5:12 それゆえ,一人の人を通して罪が世に入り,罪を通して死が入り,こうして死が,すべての人が罪をおかしたがゆえにすべての人に広がったのと同じように

12節はまずアダムによって罪が世に入ったと言います。

「一人の人」とはアダムのことで、彼が罪を犯したことにより罪というものが初めてこの世界に存在するようになりました。なおアダムと一緒に罪を犯したエバは、この場合「一人の人」アダムのうちに含まれているものと見なします。




5:12 それゆえ,一人の人を通して罪が世に入り,罪を通して死が入り,こうして死が,すべての人が罪をおかしたがゆえにすべての人に広がったのと同じように

罪が入って来たということは、同時に死もこの世に入って来たということです。

もしアダムが罪を犯さなかったなら、彼も彼の子孫である人類も死を経験することはなかったでしょう。いまでこそ人間は当たり前のように死にますが、本来死は人間にとって不自然なことなのです。

「死」というと文字どおり肉体の生命が終わることをイメージするかもしれませんが、聖書はこれ以外に「死」に含まれる概念として道徳的に死んだ状態のことや永遠の滅びにおける死についても述べています。それぞれの概念が指す状態は異なりますが、結局のところすべては関連しており、これらを全部まとめてこの世界に招き入れてしまったのがアダムの罪といえるのです。




5:12 それゆえ,一人の人を通して罪が世に入り,罪を通して死が入り,こうして死が,すべての人が罪をおかしたがゆえにすべての人に広がったのと同じように

さらに死が世に入って来たということは、この現象がアダムの子孫である全人類にも及ぶようになったということです。

ちなみに12節では「入る」と「広がる」という語が出てきます。前者(ギリシャ語eiserchomai)は「外から中へ進入する」動きを、後者(ギリシャ語dierchomai)は「中に広がり及んでいく」動きを表しており、これらの語によって罪と死の段階的な作用が正確に表現されています。

死がすべての人に広がったことについてパウロは「すべての人が罪をおかしたがゆえに」と言い添えており、一人一人が罪人であるという事情のゆえにも人類が死ぬようになっていることを示しています。確かに全人類の死の原因は何よりもまずアダムの罪です。ですがアダムの罪に加えて個々の人間が罪を犯したこと、これもまたわたしたちが死ぬ原因となっているのです。

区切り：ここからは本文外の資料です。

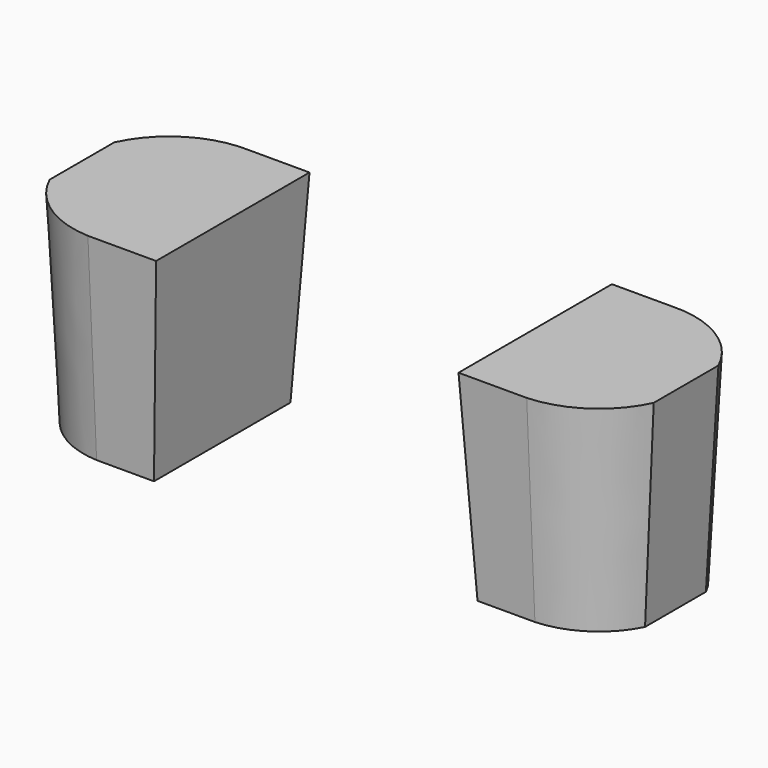
from build123d import *

# Parameters (mm, degrees)
F1_DEPTH                 = 50.8
DRAFT_F1_DRAFTED_ANGLE   = -3
DRAFT_F1_2_DRAFTED_ANGLE = -3


# Not quite as in the source:
# - an extrude with a draft is written as a straight extrude whose walls are then drafted
# - the program builds the solid bodies; features that only make, move or delete a surface that nothing else refers to are left out


with BuildPart() as f1:
    # F0 (on Top) → F1 (new body)
    with BuildSketch(Plane.XY):
        with BuildLine():
            Line((-40.7424209116, 21.3891096032), (-53.1151750277, 21.3891096032))
            ThreePointArc((-53.1151750277, 21.3891096032), (-65.0341735007, 18.4588563998), (-73.4088246416, 9.4858899614))
            Line((-73.4088246416, 9.4858899614), (-73.4088246416, -9.666296868))
            ThreePointArc((-73.4088246416, -9.666296868), (-65.9177319035, -18.0918932296), (-55.1933074071, -21.5695165098))
            Line((-55.1933074071, -21.5695165098), (-53.1151750277, -21.5695165098))
            Line((-53.1151750277, -21.5695165098), (-40.7424209116, -21.5695165098))
            Line((-40.7424209116, -21.5695165098), (-40.7424209116, 21.3891096032))
        make_face()
    extrude(amount=F1_DEPTH)

    # draft_F1_drafted
    draft_f1_drafted_walls = [f1.faces().sort_by_distance(p)[0] for p in [
        (-40.7424209116, -0.0902034533, 33.8666666667),
        (-65.9177319035, -18.0918932296, 33.8666666667),
        (-73.4088246416, -0.0902034533, 33.8666666667),
        (-65.0341735007, 18.4588563998, 33.8666666667),
        (-46.9287979697, 21.3891096032, 33.8666666667),
        (-47.9678641593, -21.5695165098, 33.8666666667),
    ]]
    draft(draft_f1_drafted_walls, neutral_plane=Plane.XY, angle=DRAFT_F1_DRAFTED_ANGLE)


with BuildPart() as f1_2:
    # F0 (on Top) → F1, piece 2 (new body)
    with BuildSketch(Plane.XY):
        with BuildLine():
            ThreePointArc((73.4088246416, 9.4858899614), (65.0341735007, 18.4588563998), (53.1151750277, 21.3891096032))
            Line((53.1151750277, 21.3891096032), (40.7424209116, 21.3891096032))
            Line((40.7424209116, 21.3891096032), (40.7424209116, -21.5695165098))
            Line((40.7424209116, -21.5695165098), (53.1151750277, -21.5695165098))
            Line((53.1151750277, -21.5695165098), (55.1933074071, -21.5695165098))
            ThreePointArc((55.1933074071, -21.5695165098), (65.9177319035, -18.0918932296), (73.4088246416, -9.666296868))
            Line((73.4088246416, -9.666296868), (73.4088246416, 9.4858899614))
        make_face()
    extrude(amount=F1_DEPTH)

    # draft_F1_2_drafted
    draft_f1_2_drafted_walls = [f1_2.faces().sort_by_distance(p)[0] for p in [
        (47.9678641593, -21.5695165098, 33.8666666667),
        (46.9287979697, 21.3891096032, 33.8666666667),
        (65.0341735007, 18.4588563998, 33.8666666667),
        (73.4088246416, -0.0902034533, 33.8666666667),
        (65.9177319035, -18.0918932296, 33.8666666667),
        (40.7424209116, -0.0902034533, 33.8666666667),
    ]]
    draft(draft_f1_2_drafted_walls, neutral_plane=Plane.XY, angle=DRAFT_F1_2_DRAFTED_ANGLE)


solid = Compound([f1.part, f1_2.part])

5:13 というのは,律法以前にも罪は世にあったからです。

ヘブライ語聖書の歴史が示すとおりモーセ律法が与えられる前の時代にも罪は世に存在していました。




5:13 ただ,律法がなければだれも罪の責めを受けないのです。

しかし律法以前の時代に人が犯した罪は、律法下で犯された罪と異なり違反とは見なされませんでした。なぜなら違反は律法のような善悪の基準があってこそ存在しうるものだからです。基準がなければそもそも違反のしようがなく、結果的に罪は罪としてカウントされず、「だれも罪の責めを受けない」のです。したがって本当なら律法のない時代の人々は死なないはずです。死は罪の結果以外の何でもないからです。




5:14 それにもかかわらず,死はアダムからモーセに至るまで,アダムの違犯と同様の罪をおかさなかった者に対しても王として支配しました。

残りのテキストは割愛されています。